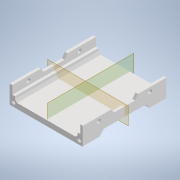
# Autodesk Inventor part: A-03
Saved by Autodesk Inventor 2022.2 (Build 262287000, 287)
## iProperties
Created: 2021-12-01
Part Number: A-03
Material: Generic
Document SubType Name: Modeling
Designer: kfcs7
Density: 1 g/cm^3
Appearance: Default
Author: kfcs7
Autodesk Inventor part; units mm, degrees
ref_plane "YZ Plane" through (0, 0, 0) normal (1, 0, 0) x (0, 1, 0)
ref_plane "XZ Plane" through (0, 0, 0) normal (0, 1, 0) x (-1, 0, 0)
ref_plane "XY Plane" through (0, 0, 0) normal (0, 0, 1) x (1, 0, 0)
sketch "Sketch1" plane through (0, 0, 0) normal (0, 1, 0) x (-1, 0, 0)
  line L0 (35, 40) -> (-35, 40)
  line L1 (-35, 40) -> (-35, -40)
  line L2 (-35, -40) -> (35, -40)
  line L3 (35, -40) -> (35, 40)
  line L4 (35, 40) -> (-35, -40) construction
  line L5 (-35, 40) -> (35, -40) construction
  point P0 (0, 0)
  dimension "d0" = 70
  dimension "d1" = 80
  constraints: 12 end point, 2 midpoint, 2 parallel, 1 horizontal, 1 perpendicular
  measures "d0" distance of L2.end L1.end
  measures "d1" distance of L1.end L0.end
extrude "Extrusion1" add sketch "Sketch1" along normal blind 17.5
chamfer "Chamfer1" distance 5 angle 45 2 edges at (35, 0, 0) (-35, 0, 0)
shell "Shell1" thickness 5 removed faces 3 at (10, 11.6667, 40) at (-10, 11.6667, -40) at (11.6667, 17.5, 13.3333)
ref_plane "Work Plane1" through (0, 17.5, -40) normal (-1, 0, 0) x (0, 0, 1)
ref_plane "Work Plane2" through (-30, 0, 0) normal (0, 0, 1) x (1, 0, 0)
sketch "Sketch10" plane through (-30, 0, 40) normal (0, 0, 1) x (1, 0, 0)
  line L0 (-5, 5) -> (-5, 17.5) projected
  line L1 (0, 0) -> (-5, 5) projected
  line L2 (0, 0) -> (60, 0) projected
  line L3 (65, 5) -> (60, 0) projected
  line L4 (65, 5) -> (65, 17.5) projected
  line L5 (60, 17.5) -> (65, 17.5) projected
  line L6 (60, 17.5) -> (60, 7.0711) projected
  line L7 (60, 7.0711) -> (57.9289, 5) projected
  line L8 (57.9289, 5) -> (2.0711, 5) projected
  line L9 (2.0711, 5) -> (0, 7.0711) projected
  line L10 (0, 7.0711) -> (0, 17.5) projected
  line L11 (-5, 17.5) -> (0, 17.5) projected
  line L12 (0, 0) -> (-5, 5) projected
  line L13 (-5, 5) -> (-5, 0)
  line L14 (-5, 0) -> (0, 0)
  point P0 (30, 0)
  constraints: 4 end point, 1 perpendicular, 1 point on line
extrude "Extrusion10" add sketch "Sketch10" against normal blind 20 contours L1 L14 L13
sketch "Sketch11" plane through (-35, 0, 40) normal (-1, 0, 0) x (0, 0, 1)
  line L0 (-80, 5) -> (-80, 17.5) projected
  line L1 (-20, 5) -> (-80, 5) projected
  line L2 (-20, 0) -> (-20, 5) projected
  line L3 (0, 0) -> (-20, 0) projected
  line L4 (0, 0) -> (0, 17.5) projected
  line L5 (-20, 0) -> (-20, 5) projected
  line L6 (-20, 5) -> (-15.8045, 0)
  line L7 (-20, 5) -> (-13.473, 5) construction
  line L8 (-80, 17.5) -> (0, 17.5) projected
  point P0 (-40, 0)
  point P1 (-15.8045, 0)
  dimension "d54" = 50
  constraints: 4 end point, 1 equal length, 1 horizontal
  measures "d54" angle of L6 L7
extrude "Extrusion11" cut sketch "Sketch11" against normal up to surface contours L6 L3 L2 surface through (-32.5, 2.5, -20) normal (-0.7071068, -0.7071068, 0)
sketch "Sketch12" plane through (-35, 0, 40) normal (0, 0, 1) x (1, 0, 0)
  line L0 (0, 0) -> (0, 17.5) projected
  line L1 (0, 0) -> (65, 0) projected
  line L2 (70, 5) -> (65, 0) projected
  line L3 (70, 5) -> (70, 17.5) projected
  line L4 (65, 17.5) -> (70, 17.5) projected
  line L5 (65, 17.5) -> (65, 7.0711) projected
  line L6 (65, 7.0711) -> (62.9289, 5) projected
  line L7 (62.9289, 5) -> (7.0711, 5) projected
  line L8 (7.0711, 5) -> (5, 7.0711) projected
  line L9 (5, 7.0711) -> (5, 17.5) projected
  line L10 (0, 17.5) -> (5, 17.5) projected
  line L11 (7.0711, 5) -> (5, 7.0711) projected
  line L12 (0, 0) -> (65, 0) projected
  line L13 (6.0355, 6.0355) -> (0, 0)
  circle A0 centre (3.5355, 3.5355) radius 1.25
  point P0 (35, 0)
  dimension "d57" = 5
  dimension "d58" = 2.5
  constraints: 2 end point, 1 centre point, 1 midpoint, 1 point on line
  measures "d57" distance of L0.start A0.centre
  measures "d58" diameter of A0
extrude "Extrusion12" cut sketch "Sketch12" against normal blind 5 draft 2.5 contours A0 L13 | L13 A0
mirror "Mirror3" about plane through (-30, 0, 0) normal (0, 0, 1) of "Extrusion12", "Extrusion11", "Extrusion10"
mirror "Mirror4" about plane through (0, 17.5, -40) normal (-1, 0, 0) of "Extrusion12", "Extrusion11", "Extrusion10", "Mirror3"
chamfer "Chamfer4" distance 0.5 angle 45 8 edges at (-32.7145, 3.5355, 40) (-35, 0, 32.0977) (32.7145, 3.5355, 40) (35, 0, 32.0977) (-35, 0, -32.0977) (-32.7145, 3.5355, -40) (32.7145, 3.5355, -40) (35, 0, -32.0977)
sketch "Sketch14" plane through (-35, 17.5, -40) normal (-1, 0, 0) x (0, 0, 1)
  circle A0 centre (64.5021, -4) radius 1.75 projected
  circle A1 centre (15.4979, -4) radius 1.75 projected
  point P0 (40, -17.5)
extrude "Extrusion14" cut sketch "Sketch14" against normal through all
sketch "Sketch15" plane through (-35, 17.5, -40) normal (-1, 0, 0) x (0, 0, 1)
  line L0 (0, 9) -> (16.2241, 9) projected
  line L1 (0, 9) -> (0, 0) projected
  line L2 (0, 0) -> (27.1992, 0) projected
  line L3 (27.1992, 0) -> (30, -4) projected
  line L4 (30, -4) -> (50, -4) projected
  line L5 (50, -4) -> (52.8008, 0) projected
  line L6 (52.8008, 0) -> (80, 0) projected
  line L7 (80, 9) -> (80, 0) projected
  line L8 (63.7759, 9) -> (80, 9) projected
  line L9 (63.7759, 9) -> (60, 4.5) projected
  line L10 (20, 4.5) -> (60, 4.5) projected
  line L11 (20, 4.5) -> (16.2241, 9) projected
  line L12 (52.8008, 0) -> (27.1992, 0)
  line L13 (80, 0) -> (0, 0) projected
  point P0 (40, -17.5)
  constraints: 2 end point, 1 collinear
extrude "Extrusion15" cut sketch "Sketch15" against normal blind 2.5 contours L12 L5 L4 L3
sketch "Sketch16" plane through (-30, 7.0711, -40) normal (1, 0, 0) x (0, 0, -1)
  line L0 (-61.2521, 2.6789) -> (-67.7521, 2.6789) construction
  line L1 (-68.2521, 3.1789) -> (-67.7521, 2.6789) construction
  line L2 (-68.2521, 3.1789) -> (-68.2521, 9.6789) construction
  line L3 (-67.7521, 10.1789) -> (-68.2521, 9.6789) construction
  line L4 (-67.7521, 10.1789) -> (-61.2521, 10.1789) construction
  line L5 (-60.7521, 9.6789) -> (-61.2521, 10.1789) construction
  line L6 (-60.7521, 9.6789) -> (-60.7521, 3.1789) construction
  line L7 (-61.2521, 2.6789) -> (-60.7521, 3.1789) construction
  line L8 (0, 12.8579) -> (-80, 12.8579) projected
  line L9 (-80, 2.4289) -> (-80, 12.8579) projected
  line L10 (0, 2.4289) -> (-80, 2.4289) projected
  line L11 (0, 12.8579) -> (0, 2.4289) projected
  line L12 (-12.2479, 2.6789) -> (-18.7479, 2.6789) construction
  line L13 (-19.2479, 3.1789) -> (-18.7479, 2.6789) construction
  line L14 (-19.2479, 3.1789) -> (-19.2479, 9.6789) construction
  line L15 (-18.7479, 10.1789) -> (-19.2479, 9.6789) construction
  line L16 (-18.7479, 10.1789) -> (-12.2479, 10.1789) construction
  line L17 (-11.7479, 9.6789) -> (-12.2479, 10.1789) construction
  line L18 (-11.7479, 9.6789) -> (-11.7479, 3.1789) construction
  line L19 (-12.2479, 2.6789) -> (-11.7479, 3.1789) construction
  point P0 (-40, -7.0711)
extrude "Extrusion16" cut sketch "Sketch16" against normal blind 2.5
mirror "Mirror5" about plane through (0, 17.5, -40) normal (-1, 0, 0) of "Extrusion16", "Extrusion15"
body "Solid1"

* [The problem]:
Your reply should consist solely of the lines above, from the opening line through the line with "0) x (0, 1, 0)", reproduced exactly and without pictures.

* [Solution to the exercise]:
# Autodesk Inventor part: A-03
Saved by Autodesk Inventor 2022.2 (Build 262287000, 287)
## iProperties
Created: 2021-12-01
Part Number: A-03
Material: Generic
Document SubType Name: Modeling
Designer: kfcs7
Density: 1 g/cm^3
Appearance: Default
Author: kfcs7
Autodesk Inventor part; units mm, degrees
ref_plane "YZ Plane" through (0, 0, 0) normal (1, 0, 0) x (0, 1, 0)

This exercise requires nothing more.